▶ [Problem to solve]: Your task is to find every line of the listing that includes "GLabel" and copy it.

========================================

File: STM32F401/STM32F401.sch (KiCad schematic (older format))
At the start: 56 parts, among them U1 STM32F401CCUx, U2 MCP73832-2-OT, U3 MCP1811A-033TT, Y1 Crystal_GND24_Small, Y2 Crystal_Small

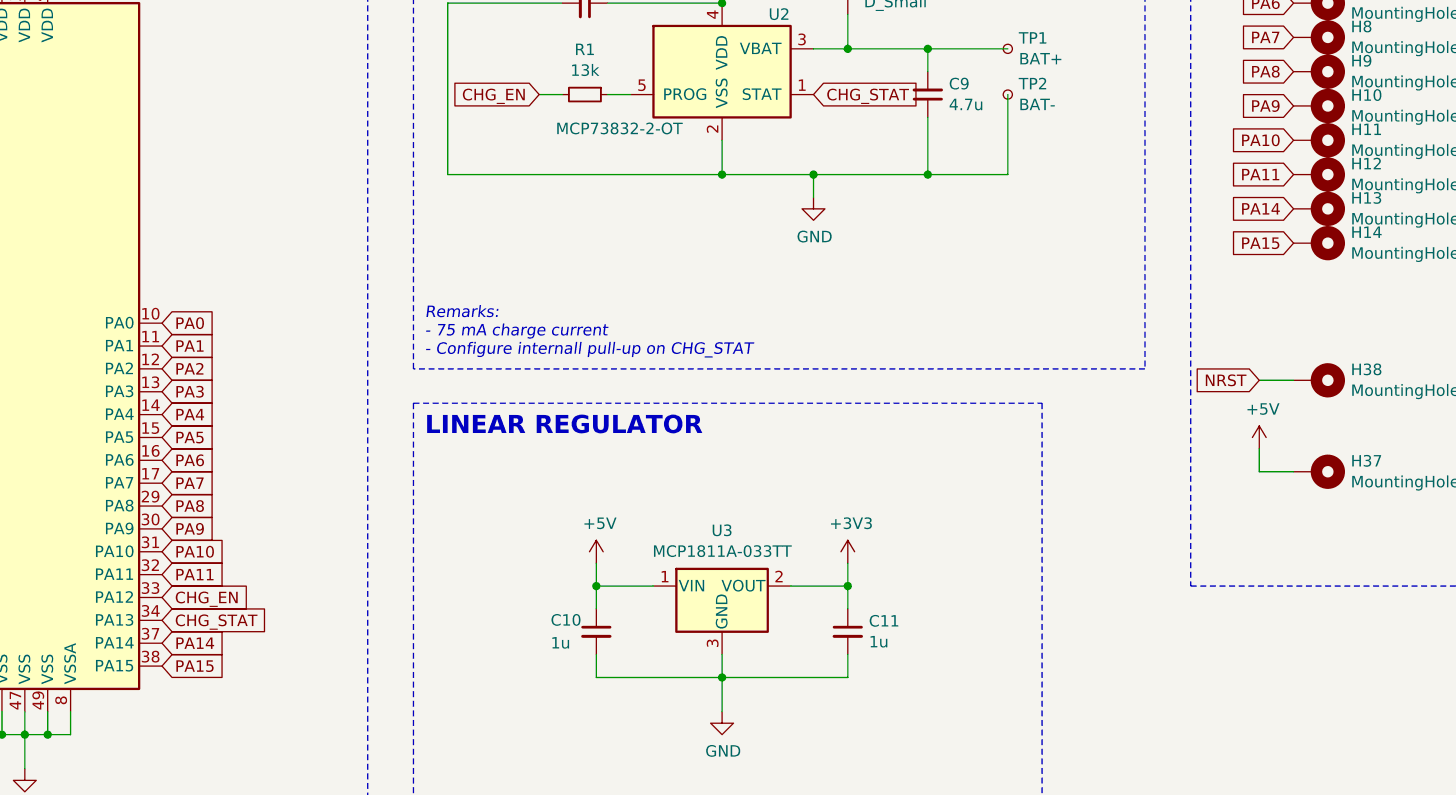
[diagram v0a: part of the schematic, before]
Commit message: Swap `PA13` with `PA11`
Use `PA11` as the `CHG_STAT` pin to free up `PA13` which is needed for
SWD.
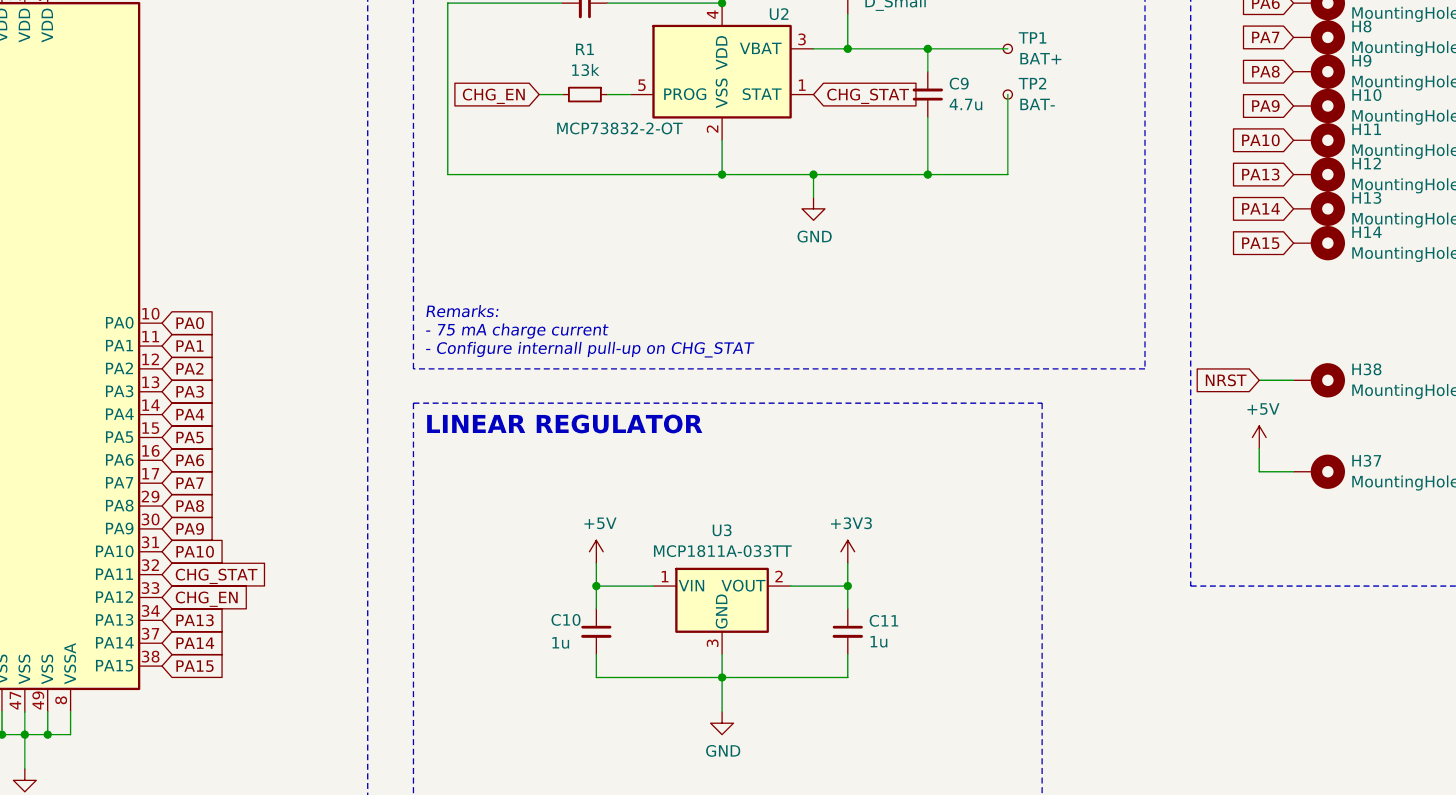
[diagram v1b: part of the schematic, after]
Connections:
- net CHG_STAT: now also U1.32 (PA11); no longer U1.34 (PA13)
- net PA11 renamed PA13
- net PA13: now also U1.34 (PA13); no longer U1.32 (PA11)
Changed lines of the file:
@@
 Text GLabel 3500 4250 2    50   Input ~ 0
 PA10
-Text GLabel 3500 4350 2    50   Input ~ 0
-PA11
+Text GLabel 3500 4550 2    50   Input ~ 0
+PA13
 Text GLabel 3500 4650 2    50   Input ~ 0
 PA14
@@
 PA10
 Text GLabel 8450 2600 0    50   Input ~ 0
-PA11
+PA13
 Text GLabel 8450 2750 0    50   Input ~ 0
 PA14
@@
 Text GLabel 3500 4450 2    50   Input ~ 0
 CHG_EN
-Text GLabel 3500 4550 2    50   Input ~ 0
+Text GLabel 3500 4350 2    50   Input ~ 0
 CHG_STAT
 Wire Wire Line
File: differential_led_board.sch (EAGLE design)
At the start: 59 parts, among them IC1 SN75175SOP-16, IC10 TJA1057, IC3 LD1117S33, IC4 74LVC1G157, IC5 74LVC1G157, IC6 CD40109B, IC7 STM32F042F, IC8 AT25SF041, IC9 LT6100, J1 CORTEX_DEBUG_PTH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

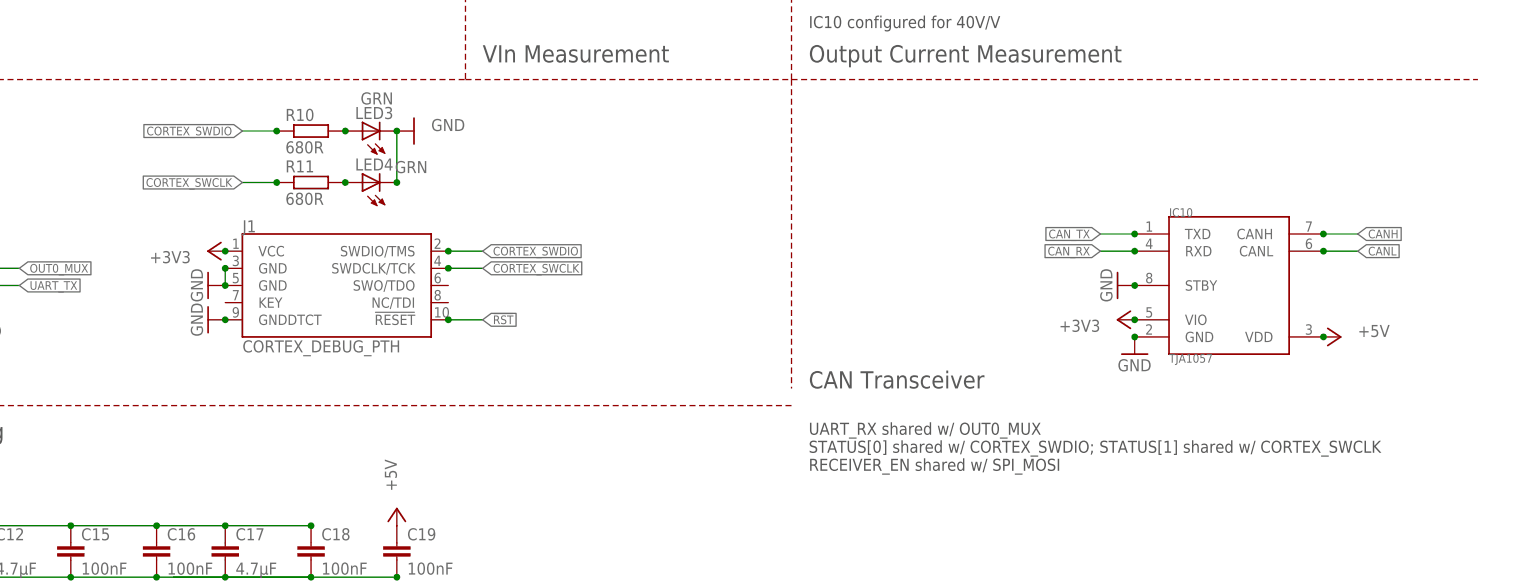
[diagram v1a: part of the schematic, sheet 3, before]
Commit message: moved status LEDs from debug pins to SPI pins
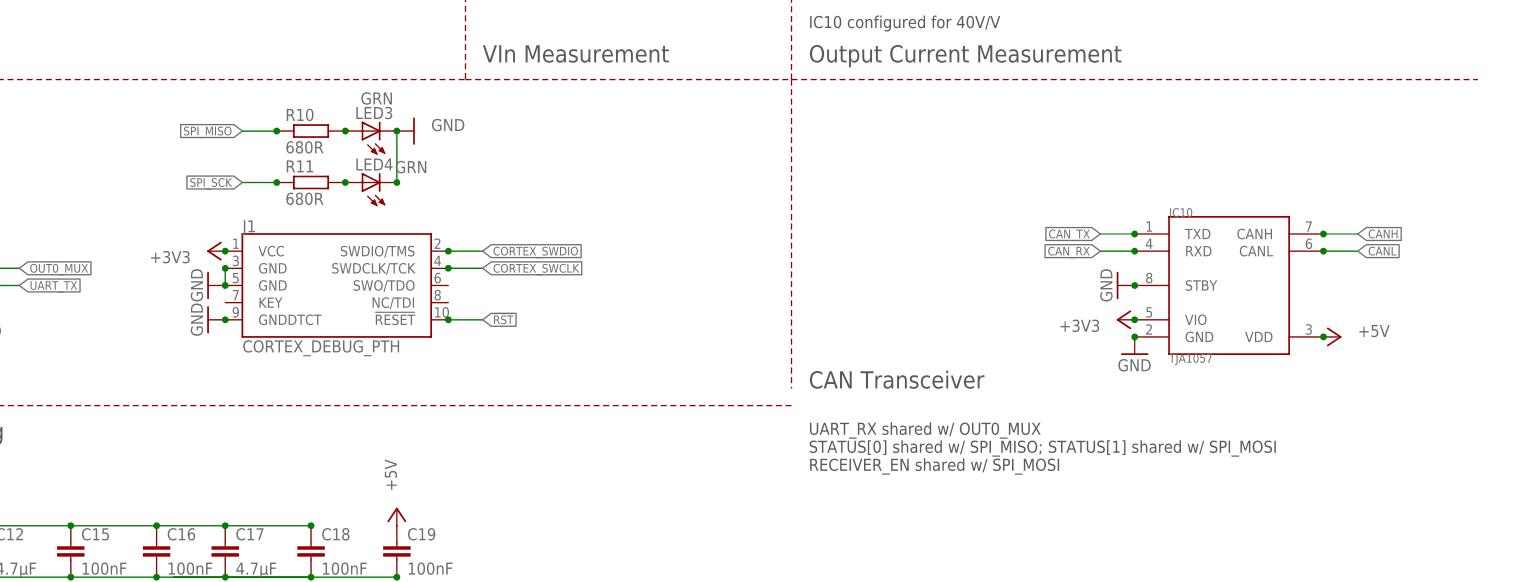
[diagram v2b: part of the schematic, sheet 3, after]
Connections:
- net CORTEX_SWCLK: no longer R11.1
- net CORTEX_SWDIO: no longer R10.1
- net SPI_MISO: now also R10.1
- net SPI_SCK: now also R11.1
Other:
- note added: "UART_RX shared w/ OUT0_MUX STATUS[0] shared w/ SPI_MISO; STATUS[1] shared w/ SPI_MOSI RECEIVER_EN shared w/ SPI_MOSI"
- note removed: "UART_RX shared w/ OUT0_MUX STATUS[0] shared w/ CORTEX_SWDIO; STATUS[1] shared w/ CORTEX_SWCLK RECEIVER_EN shared w/ SPI_MOSI"
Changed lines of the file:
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@@
 <plain>
 <text x="149.86" y="33.02" size="1.778" layer="97" align="top-left">UART_RX shared w/ OUT0_MUX
-STATUS[0] shared w/ CORTEX_SWDIO; STATUS[1] shared w/ CORTEX_SWCLK
+STATUS[0] shared w/ SPI_MISO; STATUS[1] shared w/ SPI_MOSI
 RECEIVER_EN shared w/ SPI_MOSI
 </text>
@@
 <junction x="96.52" y="58.42"/>
 </segment>
-<segment>
-<pinref part="R10" gate="G$1" pin="1"/>
-<wire x1="71.12" y1="76.2" x2="66.04" y2="76.2" width="0.1524" layer="91"/>
-<label x="66.04" y="76.2" size="1.27" layer="95" rot="R180" xref="yes"/>
-<junction x="71.12" y="76.2"/>
-</segment>
 </net>
 <net name="CORTEX_SWCLK" class="0">
@@
 <label x="101.6" y="55.88" size="1.27" layer="95" xref="yes"/>
 <junction x="96.52" y="55.88"/>
-</segment>
-<segment>
-<pinref part="R11" gate="G$1" pin="1"/>
-<label x="66.04" y="68.58" size="1.27" layer="95" rot="R180" xref="yes"/>
-<wire x1="71.12" y1="68.58" x2="66.04" y2="68.58" width="0.1524" layer="91"/>
-<junction x="71.12" y="68.58"/>
 </segment>
 </net>
@@
 <junction x="124.46" y="175.26"/>
 </segment>
+<segment>
+<pinref part="R11" gate="G$1" pin="1"/>
+<label x="66.04" y="68.58" size="1.27" layer="95" rot="R180" xref="yes"/>
+<wire x1="71.12" y1="68.58" x2="66.04" y2="68.58" width="0.1524" layer="91"/>
+<junction x="71.12" y="68.58"/>
+</segment>
 </net>
 <net name="SPI_MISO" class="0">
@@
 <junction x="124.46" y="170.18"/>
 </segment>
-</net>
+<segment>
+<pinref part="R10" gate="G$1" pin="1"/>
+<wire x1="71.12" y1="76.2" x2="66.04" y2="76.2" width="0.1524" layer="91"/>
+<label x="66.04" y="76.2" size="1.27" layer="95" rot="R180" xref="yes"/>
+<junction x="71.12" y="76.2"/>
+</segment>
+</net>

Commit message: submitted rev 1 of output and led boards to board house
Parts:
- IC1: value SN75175SOP-16 -> SN75175
- IC2: value (none) -> TLV803
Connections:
- net GND: now also IC6.D
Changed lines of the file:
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@@
 </part>
 <part name="GND20" library="supply1" library_urn="urn:adsk.eagle:library:371" deviceset="GND" device=""/>
-<part name="IC1" library="lichtenstein_onion" deviceset="SN75175" device="SOP-16"/>
+<part name="IC1" library="lichtenstein_onion" deviceset="SN75175" device="SOP-16" value="SN75175"/>
 <part name="P+3" library="supply1" library_urn="urn:adsk.eagle:library:371" deviceset="+5V" device=""/>
 <part name="GND4" library="supply1" library_urn="urn:adsk.eagle:library:371" deviceset="GND" device=""/>
@@
 <part name="+3V37" library="supply1" library_urn="urn:adsk.eagle:library:371" deviceset="+3V3" device=""/>
 <part name="GND13" library="supply1" library_urn="urn:adsk.eagle:library:371" deviceset="GND" device=""/>
-<part name="IC2" library="lichtenstein_onion" deviceset="TLV803" device="SOT-23" package3d_urn="urn:adsk.eagle:package:28738/2"/>
+<part name="IC2" library="lichtenstein_onion" deviceset="TLV803" device="SOT-23" package3d_urn="urn:adsk.eagle:package:28738/2" value="TLV803"/>
 <part name="C2" library="rcl" library_urn="urn:adsk.eagle:library:334" deviceset="C-EU" device="C0805" package3d_urn="urn:adsk.eagle:package:23617/2" value="100nF">
 <attribute name="MOUSER" value="710-885012207072"/>
@@
 </part>
 <part name="+3V33" library="supply1" library_urn="urn:adsk.eagle:library:371" deviceset="+3V3" device=""/>
+<part name="GND31" library="supply1" library_urn="urn:adsk.eagle:library:371" deviceset="GND" device=""/>
 </parts>
 <sheets>
@@
 <attribute name="VALUE" x="114.3" y="142.24" size="1.778" layer="96" rot="R270"/>
 </instance>
+<instance part="GND31" gate="1" x="116.84" y="152.4" smashed="yes" rot="R270">
+<attribute name="VALUE" x="114.3" y="154.94" size="1.778" layer="96" rot="R270"/>
+</instance>
 </instances>
 <busses>
@@
 <junction x="119.38" y="139.7"/>
 </segment>
-</net>
+<segment>
+<pinref part="IC6" gate="G$1" pin="D"/>
+<pinref part="GND31" gate="1" pin="GND"/>
+<junction x="119.38" y="152.4"/>
+</segment>
+</net>

========================================

▶ [Finished exercise]:
 Text GLabel 3500 4250 2    50   Input ~ 0
-Text GLabel 3500 4350 2    50   Input ~ 0
+Text GLabel 3500 4550 2    50   Input ~ 0
 Text GLabel 3500 4650 2    50   Input ~ 0
 Text GLabel 8450 2600 0    50   Input ~ 0
 Text GLabel 8450 2750 0    50   Input ~ 0
 Text GLabel 3500 4450 2    50   Input ~ 0
-Text GLabel 3500 4550 2    50   Input ~ 0
+Text GLabel 3500 4350 2    50   Input ~ 0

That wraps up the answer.